▶ Exercise requirements
Every line from the top of the records through the one bearing "from ezdxf.enums import" is to be reproduced exactly, and pictures are to be left out.

[[ Data provided open ]]

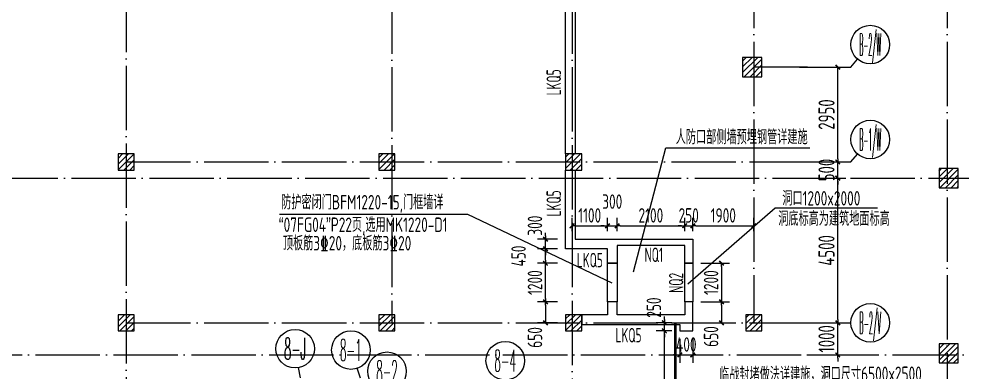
# Model space of a CAD drawing. Header units: millimetres. Extents: x 156735 to 386235, y 467499 to 703525.
# Drawn here: x 284013 to 313315, y 634460 to 645445 of the extents above; entities that cross this region are included whole.
import ezdxf
from ezdxf.enums import TextEntityAlignment as Align

# ---------------------------------------------------------------- set-up
doc = ezdxf.new("R2010")
doc.units = ezdxf.units.MM
doc.header["$LTSCALE"] = 100
doc.header["$PDMODE"] = 35
doc.header["$PDSIZE"] = 200
doc.linetypes.add('3', pattern=[5, 3, -2])
doc.linetypes.add('DOTE', pattern=[2.42, 2, -0.2, 0.02, -0.2])
for name, color, linetype in [('B-TEXT', 7, 'Continuous'), ('COLU', 7, 'Continuous'), ('h斜线-柱', 7, 'Continuous'), ('Q-AXIS', 3, 'Continuous'), ('Q-DIM', 4, 'Continuous'), ('Q-dote', 253, 'DOTE'), ('Q-TEXT', 2, 'Continuous'), ('Q-门框', 6, 'Continuous'), ('WALL', 3, 'Continuous')]:
    doc.layers.add(name, color=color, linetype=linetype)
doc.styles.add('_TCH_AXIS', font='COMPLEX', dxfattribs={"bigfont": 'GBCBIG'})
doc.styles.add('COMPLEX', font='tssdeng.shx', dxfattribs={"width": 0.7, "bigfont": 'tssdchn.shx'})
doc.styles.add('TSSD_Dimension', font='Tssdeng.shx', dxfattribs={"width": 0.7, "bigfont": 'hztxt.shx'})
doc.styles.add('TSSD_REIN', font='Tssdeng.shx', dxfattribs={"width": 0.7, "bigfont": 'hztxt.shx'})
doc.dimstyles.new('TSSD_100_100$0', dxfattribs={"dimtxt": 300, "dimasz": 100, "dimexe": 250, "dimexo": 250, "dimgap": 100, "dimtad": 1, "dimdec": 0, "dimzin": 0, "dimdsep": 46, "dimtxsty": 'TSSD_Dimension', "dimblk": '_tsdbk', "dimblk1": '_tsdbk', "dimblk2": '_tsdbk', "dimsah": 1, "dimcen": 0, "dimclrt": 7, "dimadec": 0, "dimazin": 0, "dimtfac": 1, "dimtdec": 0, "dimtix": 1, "dimtmove": 2, "dimatfit": 3, "dimldrblk": '_tsdbk', "dimfxl": 1, "dimtolj": 1, "dimtzin": 0, "dimarcsym": 0})
pattern_1 = [(45, (-467527.32, -323147.44), (-89.802561, 89.802561), [])]

# ---------------------------------------------------------------- blocks, each defined once
blk = doc.blocks.new('_tsdbk')
blk.add_line((-1, 0), (0, 0))
at = {"const_width": 0.5}
blk.add_lwpolyline([(-0.7, -0.7), (0.7, 0.7)], dxfattribs=at)
blk = doc.blocks.new('*D501')
at = {"layer": 'Defpoints', "color": 0}
for p in [(308258, 643945), (309452, 643945), (308258, 640995)]:
    blk.add_point(p, dxfattribs=at)
at = {"layer": 'Q-AXIS', "color": 0, "lineweight": -2}
for p, q in [((308508, 643945), (309702, 643945)), ((309452, 641095), (309452, 643845)), ((308508, 640995), (309702, 640995))]:
    blk.add_line(p, q, dxfattribs=at)
at = {"layer": 'Q-AXIS', "color": 0, "lineweight": -2, "xscale": 100, "yscale": 100, "zscale": 100}
for p, rotation in [((309452, 643945), 90), ((309452, 640995), 270)]:
    blk.add_blockref('_tsdbk', p, dxfattribs=dict(at, rotation=rotation))
at = {"layer": 'Q-AXIS', "color": 7, "insert": (309102, 642470), "char_height": 500, "attachment_point": 5, "rotation": 90, "style": 'TSSD_Dimension'}
blk.add_mtext('\\A1;2950', dxfattribs=at)
blk = doc.blocks.new('_AXISO')
blk.add_circle((0, 0), 0.5)
at = {"layer": 'B-TEXT', "style": 'COMPLEX', "width": 1.450893}
blk.add_attdef('A', text='', height=0.56, dxfattribs=at).set_placement((0.249375, -0.28), (0.749375, -0.28), align=Align.FIT)
blk = doc.blocks.new('*D555')
at = {"layer": 'Defpoints', "color": 0}
for p in [(308258, 635995), (309452, 635995), (308258, 634995)]:
    blk.add_point(p, dxfattribs=at)
at = {"layer": 'Q-AXIS', "color": 0, "lineweight": -2}
for p, q in [((309452, 636095), (309452, 636195)), ((308508, 635995), (309702, 635995)), ((309452, 634995), (309452, 635995)), ((308508, 634995), (309702, 634995)), ((309452, 634895), (309452, 634795))]:
    blk.add_line(p, q, dxfattribs=at)
at = {"layer": 'Q-AXIS', "color": 0, "lineweight": -2, "xscale": 100, "yscale": 100, "zscale": 100}
for p, rotation in [((309452, 635995), 270), ((309452, 634995), 90)]:
    blk.add_blockref('_tsdbk', p, dxfattribs=dict(at, rotation=rotation))
at = {"layer": 'Q-AXIS', "color": 7, "insert": (309102, 635495), "char_height": 500, "attachment_point": 5, "rotation": 90, "style": 'TSSD_Dimension'}
blk.add_mtext('\\A1;1000', dxfattribs=at)
blk = doc.blocks.new('*D556')
at = {"layer": 'Defpoints', "color": 0}
for p in [(308258, 640495), (309452, 640495), (308258, 635995)]:
    blk.add_point(p, dxfattribs=at)
at = {"layer": 'Q-AXIS', "color": 0, "lineweight": -2}
for p, q in [((308508, 640495), (309702, 640495)), ((309452, 636095), (309452, 640395)), ((308508, 635995), (309702, 635995))]:
    blk.add_line(p, q, dxfattribs=at)
at = {"layer": 'Q-AXIS', "color": 0, "lineweight": -2, "xscale": 100, "yscale": 100, "zscale": 100}
for p, rotation in [((309452, 640495), 90), ((309452, 635995), 270)]:
    blk.add_blockref('_tsdbk', p, dxfattribs=dict(at, rotation=rotation))
at = {"layer": 'Q-AXIS', "color": 7, "insert": (309102, 638245), "char_height": 500, "attachment_point": 5, "rotation": 90, "style": 'TSSD_Dimension'}
blk.add_mtext('\\A1;4500', dxfattribs=at)
blk = doc.blocks.new('*D557')
at = {"layer": 'Defpoints', "color": 0}
for p in [(308258, 640995), (309452, 640995), (308258, 640495)]:
    blk.add_point(p, dxfattribs=at)
at = {"layer": 'Q-AXIS', "color": 0, "lineweight": -2}
for p, q in [((309452, 641095), (309452, 641195)), ((308508, 640995), (309702, 640995)), ((309452, 640495), (309452, 640995)), ((308508, 640495), (309702, 640495)), ((309452, 640395), (309452, 640295))]:
    blk.add_line(p, q, dxfattribs=at)
at = {"layer": 'Q-AXIS', "color": 0, "lineweight": -2, "xscale": 100, "yscale": 100, "zscale": 100}
for p, rotation in [((309452, 640995), 270), ((309452, 640495), 90)]:
    blk.add_blockref('_tsdbk', p, dxfattribs=dict(at, rotation=rotation))
at = {"layer": 'Q-AXIS', "color": 7, "insert": (309102, 640745), "char_height": 500, "attachment_point": 5, "rotation": 90, "style": 'TSSD_Dimension'}
blk.add_mtext('\\A1;500', dxfattribs=at)
blk = doc.blocks.new('*D773')
at = {"layer": 'Defpoints', "color": 0}
for p in [(304064, 635745), (304546, 635745), (304546, 629245)]:
    blk.add_point(p, dxfattribs=at)
at = {"layer": 'Q-DIM', "color": 0, "lineweight": -2}
for p, q in [((304296, 635745), (303814, 635745)), ((304064, 629345), (304064, 635645)), ((304296, 629245), (303814, 629245))]:
    blk.add_line(p, q, dxfattribs=at)
at = {"layer": 'Q-DIM', "color": 0, "lineweight": -2, "xscale": 100, "yscale": 100, "zscale": 100}
for p, rotation in [((304064, 635745), 90), ((304064, 629245), 270)]:
    blk.add_blockref('_tsdbk', p, dxfattribs=dict(at, rotation=rotation))
at = {"layer": 'Q-DIM', "color": 7, "insert": (303739, 632495), "char_height": 450, "attachment_point": 5, "rotation": 90, "style": 'TSSD_Dimension'}
blk.add_mtext('\\A1;6500', dxfattribs=at)
blk = doc.blocks.new('*D774')
at = {"layer": 'Defpoints', "color": 0}
for p in [(304064, 635995), (304546, 635995), (304546, 635745)]:
    blk.add_point(p, dxfattribs=at)
at = {"layer": 'Q-DIM', "color": 0, "lineweight": -2}
for p, q in [((304064, 636095), (304064, 636195)), ((304296, 635995), (303814, 635995)), ((304064, 635745), (304064, 635995)), ((304296, 635745), (303814, 635745)), ((304064, 635645), (304064, 635545))]:
    blk.add_line(p, q, dxfattribs=at)
at = {"layer": 'Q-DIM', "color": 0, "lineweight": -2, "xscale": 100, "yscale": 100, "zscale": 100}
for p, rotation in [((304064, 635995), 270), ((304064, 635745), 90)]:
    blk.add_blockref('_tsdbk', p, dxfattribs=dict(at, rotation=rotation))
at = {"layer": 'Q-DIM', "color": 7, "insert": (303739, 636468), "char_height": 450, "attachment_point": 5, "rotation": 90, "style": 'TSSD_Dimension'}
blk.add_mtext('\\A1;250', dxfattribs=at)
blk = doc.blocks.new('*D775')
at = {"layer": 'Defpoints', "color": 0}
for p in [(302296, 639009), (301196, 638595), (302296, 638595)]:
    blk.add_point(p, dxfattribs=at)
at = {"layer": 'Q-DIM', "color": 0, "lineweight": -2}
for p, q in [((301196, 638845), (301196, 639259)), ((302296, 638845), (302296, 639259)), ((301296, 639009), (302196, 639009))]:
    blk.add_line(p, q, dxfattribs=at)
at = {"layer": 'Q-DIM', "color": 0, "lineweight": -2, "xscale": 100, "yscale": 100, "zscale": 100, "rotation": 180}
blk.add_blockref('_tsdbk', (301196, 639009), dxfattribs=at)
at = {"layer": 'Q-DIM', "color": 0, "lineweight": -2, "xscale": 100, "yscale": 100, "zscale": 100}
blk.add_blockref('_tsdbk', (302296, 639009), dxfattribs=at)
at = {"layer": 'Q-DIM', "color": 7, "insert": (301746, 639334), "char_height": 450, "attachment_point": 5, "style": 'TSSD_Dimension'}
blk.add_mtext('\\A1;1100', dxfattribs=at)
blk = doc.blocks.new('*D776')
at = {"layer": 'Defpoints', "color": 0}
for p in [(302596, 639009), (302296, 638595), (302596, 638595)]:
    blk.add_point(p, dxfattribs=at)
at = {"layer": 'Q-DIM', "color": 0, "lineweight": -2}
for p, q in [((302296, 638845), (302296, 639259)), ((302596, 638845), (302596, 639259)), ((302196, 639009), (302096, 639009)), ((302296, 639009), (302596, 639009)), ((302696, 639009), (302796, 639009))]:
    blk.add_line(p, q, dxfattribs=at)
at = {"layer": 'Q-DIM', "color": 0, "lineweight": -2, "xscale": 100, "yscale": 100, "zscale": 100}
blk.add_blockref('_tsdbk', (302296, 639009), dxfattribs=at)
at = {"layer": 'Q-DIM', "color": 0, "lineweight": -2, "xscale": 100, "yscale": 100, "zscale": 100, "rotation": 180}
blk.add_blockref('_tsdbk', (302596, 639009), dxfattribs=at)
at = {"layer": 'Q-DIM', "color": 7, "insert": (302446, 639762), "char_height": 450, "attachment_point": 5, "style": 'TSSD_Dimension'}
blk.add_mtext('\\A1;300', dxfattribs=at)
blk = doc.blocks.new('*D777')
at = {"layer": 'Defpoints', "color": 0}
for p in [(304696, 639009), (302596, 638595), (304696, 638595)]:
    blk.add_point(p, dxfattribs=at)
at = {"layer": 'Q-DIM', "color": 0, "lineweight": -2}
for p, q in [((302596, 638845), (302596, 639259)), ((304696, 638845), (304696, 639259)), ((302696, 639009), (304596, 639009))]:
    blk.add_line(p, q, dxfattribs=at)
at = {"layer": 'Q-DIM', "color": 0, "lineweight": -2, "xscale": 100, "yscale": 100, "zscale": 100, "rotation": 180}
blk.add_blockref('_tsdbk', (302596, 639009), dxfattribs=at)
at = {"layer": 'Q-DIM', "color": 0, "lineweight": -2, "xscale": 100, "yscale": 100, "zscale": 100}
blk.add_blockref('_tsdbk', (304696, 639009), dxfattribs=at)
at = {"layer": 'Q-DIM', "color": 7, "insert": (303646, 639334), "char_height": 450, "attachment_point": 5, "style": 'TSSD_Dimension'}
blk.add_mtext('\\A1;2100', dxfattribs=at)
blk = doc.blocks.new('*D778')
at = {"layer": 'Defpoints', "color": 0}
for p in [(304946, 639009), (304696, 638595), (304946, 638595)]:
    blk.add_point(p, dxfattribs=at)
at = {"layer": 'Q-DIM', "color": 0, "lineweight": -2}
for p, q in [((304696, 638845), (304696, 639259)), ((304946, 638845), (304946, 639259)), ((304596, 639009), (304496, 639009)), ((304696, 639009), (304946, 639009)), ((305046, 639009), (305146, 639009))]:
    blk.add_line(p, q, dxfattribs=at)
at = {"layer": 'Q-DIM', "color": 0, "lineweight": -2, "xscale": 100, "yscale": 100, "zscale": 100}
blk.add_blockref('_tsdbk', (304696, 639009), dxfattribs=at)
at = {"layer": 'Q-DIM', "color": 0, "lineweight": -2, "xscale": 100, "yscale": 100, "zscale": 100, "rotation": 180}
blk.add_blockref('_tsdbk', (304946, 639009), dxfattribs=at)
at = {"layer": 'Q-DIM', "color": 7, "insert": (304821, 639334), "char_height": 450, "attachment_point": 5, "style": 'TSSD_Dimension'}
blk.add_mtext('\\A1;250', dxfattribs=at)
blk = doc.blocks.new('*D779')
at = {"layer": 'Defpoints', "color": 0}
for p in [(306846, 639009), (304946, 638595), (306846, 638595)]:
    blk.add_point(p, dxfattribs=at)
at = {"layer": 'Q-DIM', "color": 0, "lineweight": -2}
for p, q in [((304946, 638845), (304946, 639259)), ((306846, 638845), (306846, 639259)), ((305046, 639009), (306746, 639009))]:
    blk.add_line(p, q, dxfattribs=at)
at = {"layer": 'Q-DIM', "color": 0, "lineweight": -2, "xscale": 100, "yscale": 100, "zscale": 100, "rotation": 180}
blk.add_blockref('_tsdbk', (304946, 639009), dxfattribs=at)
at = {"layer": 'Q-DIM', "color": 0, "lineweight": -2, "xscale": 100, "yscale": 100, "zscale": 100}
blk.add_blockref('_tsdbk', (306846, 639009), dxfattribs=at)
at = {"layer": 'Q-DIM', "color": 7, "insert": (305896, 639334), "char_height": 450, "attachment_point": 5, "style": 'TSSD_Dimension'}
blk.add_mtext('\\A1;1900', dxfattribs=at)
blk = doc.blocks.new('*D780')
at = {"layer": 'Defpoints', "color": 0}
for p in [(304946, 637845), (304946, 636645), (305840, 636645)]:
    blk.add_point(p, dxfattribs=at)
at = {"layer": 'Q-DIM', "color": 0, "lineweight": -2}
for p, q in [((305196, 637845), (306090, 637845)), ((305840, 637745), (305840, 636745)), ((305196, 636645), (306090, 636645))]:
    blk.add_line(p, q, dxfattribs=at)
at = {"layer": 'Q-DIM', "color": 0, "lineweight": -2, "xscale": 100, "yscale": 100, "zscale": 100}
for p, rotation in [((305840, 637845), 90), ((305840, 636645), 270)]:
    blk.add_blockref('_tsdbk', p, dxfattribs=dict(at, rotation=rotation))
at = {"layer": 'Q-DIM', "color": 7, "insert": (305515, 637245), "char_height": 450, "attachment_point": 5, "rotation": 90, "style": 'TSSD_Dimension'}
blk.add_mtext('\\A1;1200', dxfattribs=at)
blk = doc.blocks.new('*D781')
at = {"layer": 'Defpoints', "color": 0}
for p in [(304946, 636645), (304946, 635995), (305840, 635995)]:
    blk.add_point(p, dxfattribs=at)
at = {"layer": 'Q-DIM', "color": 0, "lineweight": -2}
for p, q in [((305196, 636645), (306090, 636645)), ((305840, 636545), (305840, 636095)), ((305196, 635995), (306090, 635995))]:
    blk.add_line(p, q, dxfattribs=at)
at = {"layer": 'Q-DIM', "color": 0, "lineweight": -2, "xscale": 100, "yscale": 100, "zscale": 100}
for p, rotation in [((305840, 636645), 90), ((305840, 635995), 270)]:
    blk.add_blockref('_tsdbk', p, dxfattribs=dict(at, rotation=rotation))
at = {"layer": 'Q-DIM', "color": 7, "insert": (305515, 635568), "char_height": 450, "attachment_point": 5, "rotation": 90, "style": 'TSSD_Dimension'}
blk.add_mtext('\\A1;650', dxfattribs=at)
blk = doc.blocks.new('*D782')
at = {"layer": 'Defpoints', "color": 0}
for p in [(300370, 637845), (300996, 637845), (300996, 636645)]:
    blk.add_point(p, dxfattribs=at)
at = {"layer": 'Q-DIM', "color": 0, "lineweight": -2}
for p, q in [((300746, 637845), (300120, 637845)), ((300370, 636745), (300370, 637745)), ((300746, 636645), (300120, 636645))]:
    blk.add_line(p, q, dxfattribs=at)
at = {"layer": 'Q-DIM', "color": 0, "lineweight": -2, "xscale": 100, "yscale": 100, "zscale": 100}
for p, rotation in [((300370, 637845), 90), ((300370, 636645), 270)]:
    blk.add_blockref('_tsdbk', p, dxfattribs=dict(at, rotation=rotation))
at = {"layer": 'Q-DIM', "color": 7, "insert": (300045, 637245), "char_height": 450, "attachment_point": 5, "rotation": 90, "style": 'TSSD_Dimension'}
blk.add_mtext('\\A1;1200', dxfattribs=at)
blk = doc.blocks.new('*D783')
at = {"layer": 'Defpoints', "color": 0}
for p in [(300370, 638295), (300996, 638295), (300996, 637845)]:
    blk.add_point(p, dxfattribs=at)
at = {"layer": 'Q-DIM', "color": 0, "lineweight": -2}
for p, q in [((300746, 638295), (300120, 638295)), ((300370, 637945), (300370, 638195)), ((300746, 637845), (300120, 637845))]:
    blk.add_line(p, q, dxfattribs=at)
at = {"layer": 'Q-DIM', "color": 0, "lineweight": -2, "xscale": 100, "yscale": 100, "zscale": 100}
for p, rotation in [((300370, 638295), 90), ((300370, 637845), 270)]:
    blk.add_blockref('_tsdbk', p, dxfattribs=dict(at, rotation=rotation))
at = {"layer": 'Q-DIM', "color": 7, "insert": (299536, 638070), "char_height": 450, "attachment_point": 5, "rotation": 90, "style": 'TSSD_Dimension'}
blk.add_mtext('\\A1;450', dxfattribs=at)
blk = doc.blocks.new('*D784')
at = {"layer": 'Defpoints', "color": 0}
for p in [(300370, 638595), (300996, 638595), (300996, 638295)]:
    blk.add_point(p, dxfattribs=at)
at = {"layer": 'Q-DIM', "color": 0, "lineweight": -2}
for p, q in [((300370, 638695), (300370, 638795)), ((300746, 638595), (300120, 638595)), ((300370, 638295), (300370, 638595)), ((300746, 638295), (300120, 638295)), ((300370, 638195), (300370, 638095))]:
    blk.add_line(p, q, dxfattribs=at)
at = {"layer": 'Q-DIM', "color": 0, "lineweight": -2, "xscale": 100, "yscale": 100, "zscale": 100}
for p, rotation in [((300370, 638595), 270), ((300370, 638295), 90)]:
    blk.add_blockref('_tsdbk', p, dxfattribs=dict(at, rotation=rotation))
at = {"layer": 'Q-DIM', "color": 7, "insert": (300045, 639015), "char_height": 450, "attachment_point": 5, "rotation": 90, "style": 'TSSD_Dimension'}
blk.add_mtext('\\A1;300', dxfattribs=at)
blk = doc.blocks.new('*D785')
at = {"layer": 'Defpoints', "color": 0}
for p in [(300996, 636645), (300370, 635995), (300996, 635995)]:
    blk.add_point(p, dxfattribs=at)
at = {"layer": 'Q-DIM', "color": 0, "lineweight": -2}
for p, q in [((300746, 636645), (300120, 636645)), ((300370, 636545), (300370, 636095)), ((300746, 635995), (300120, 635995))]:
    blk.add_line(p, q, dxfattribs=at)
at = {"layer": 'Q-DIM', "color": 0, "lineweight": -2, "xscale": 100, "yscale": 100, "zscale": 100}
for p, rotation in [((300370, 636645), 90), ((300370, 635995), 270)]:
    blk.add_blockref('_tsdbk', p, dxfattribs=dict(at, rotation=rotation))
at = {"layer": 'Q-DIM', "color": 7, "insert": (300045, 635540), "char_height": 450, "attachment_point": 5, "rotation": 90, "style": 'TSSD_Dimension'}
blk.add_mtext('\\A1;650', dxfattribs=at)
blk = doc.blocks.new('*D786')
at = {"layer": 'Defpoints', "color": 0}
for p in [(304546, 635745), (304946, 635745), (304946, 634995)]:
    blk.add_point(p, dxfattribs=at)
at = {"layer": 'Q-DIM', "color": 0, "lineweight": -2}
for p, q in [((304546, 635495), (304546, 634745)), ((304946, 635495), (304946, 634745)), ((304446, 634995), (304346, 634995)), ((304546, 634995), (304946, 634995)), ((305046, 634995), (305146, 634995))]:
    blk.add_line(p, q, dxfattribs=at)
at = {"layer": 'Q-DIM', "color": 0, "lineweight": -2, "xscale": 100, "yscale": 100, "zscale": 100}
blk.add_blockref('_tsdbk', (304546, 634995), dxfattribs=at)
at = {"layer": 'Q-DIM', "color": 0, "lineweight": -2, "xscale": 100, "yscale": 100, "zscale": 100, "rotation": 180}
blk.add_blockref('_tsdbk', (304946, 634995), dxfattribs=at)
at = {"layer": 'Q-DIM', "color": 7, "insert": (304746, 635320), "char_height": 450, "attachment_point": 5, "style": 'TSSD_Dimension'}
blk.add_mtext('\\A1;400', dxfattribs=at)

msp = doc.modelspace()

# ---------------------------------------------------------------- hatches: boundary and pattern name
at = {"layer": 'h斜线-柱'}
h = msp.add_hatch(dxfattribs=at)
h.set_pattern_fill('ANSI31', color=256, scale=40, style=0)
h.set_pattern_definition(pattern_1)
h.paths.add_polyline_path([(306496.5, 643644.7), (307096.5, 643644.7), (307096.5, 644244.7), (306496.5, 644244.7)])
h = msp.add_hatch(dxfattribs=at)
h.set_pattern_fill('ANSI31', color=256, scale=40, style=0)
h.set_pattern_definition([(45, (-467527.32, -328147.44), (-89.802561, 89.802561), [])])
h.paths.add_polyline_path([(287096.5, 640744.7), (287596.5, 640744.7), (287596.5, 641244.7), (287096.5, 641244.7)])
h = msp.add_hatch(dxfattribs=at)
h.set_pattern_fill('ANSI31', color=256, scale=40, style=0)
h.set_pattern_definition([(45, (-467527.32, -328147.44), (-89.802561, 89.802561), [])])
h.paths.add_polyline_path([(295196.5, 640744.7), (295696.5, 640744.7), (295696.5, 641244.7), (295196.5, 641244.7)])
h = msp.add_hatch(dxfattribs=at)
h.set_pattern_fill('ANSI31', color=256, scale=40, style=0)
h.set_pattern_definition(pattern_1)
h.paths.add_polyline_path([(300996.5, 640744.7), (301496.5, 640744.7), (301496.5, 641244.7), (300996.5, 641244.7)])
h = msp.add_hatch(dxfattribs=at)
h.set_pattern_fill('ANSI31', color=256, scale=40, style=0)
h.set_pattern_definition(pattern_1)
h.paths.add_polyline_path([(312596.5, 640194.7), (313196.5, 640194.7), (313196.5, 640794.7), (312596.5, 640794.7)])
h = msp.add_hatch(dxfattribs=at)
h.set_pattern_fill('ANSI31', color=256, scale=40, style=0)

[[ Data provided closed ]]

▶ Reply to the exercise
# Model space of a CAD drawing. Header units: millimetres. Extents: x 156735 to 386235, y 467499 to 703525.
# Drawn here: x 284013 to 313315, y 634460 to 645445 of the extents above; entities that cross this region are included whole.
import ezdxf
from ezdxf.enums import TextEntityAlignment as Align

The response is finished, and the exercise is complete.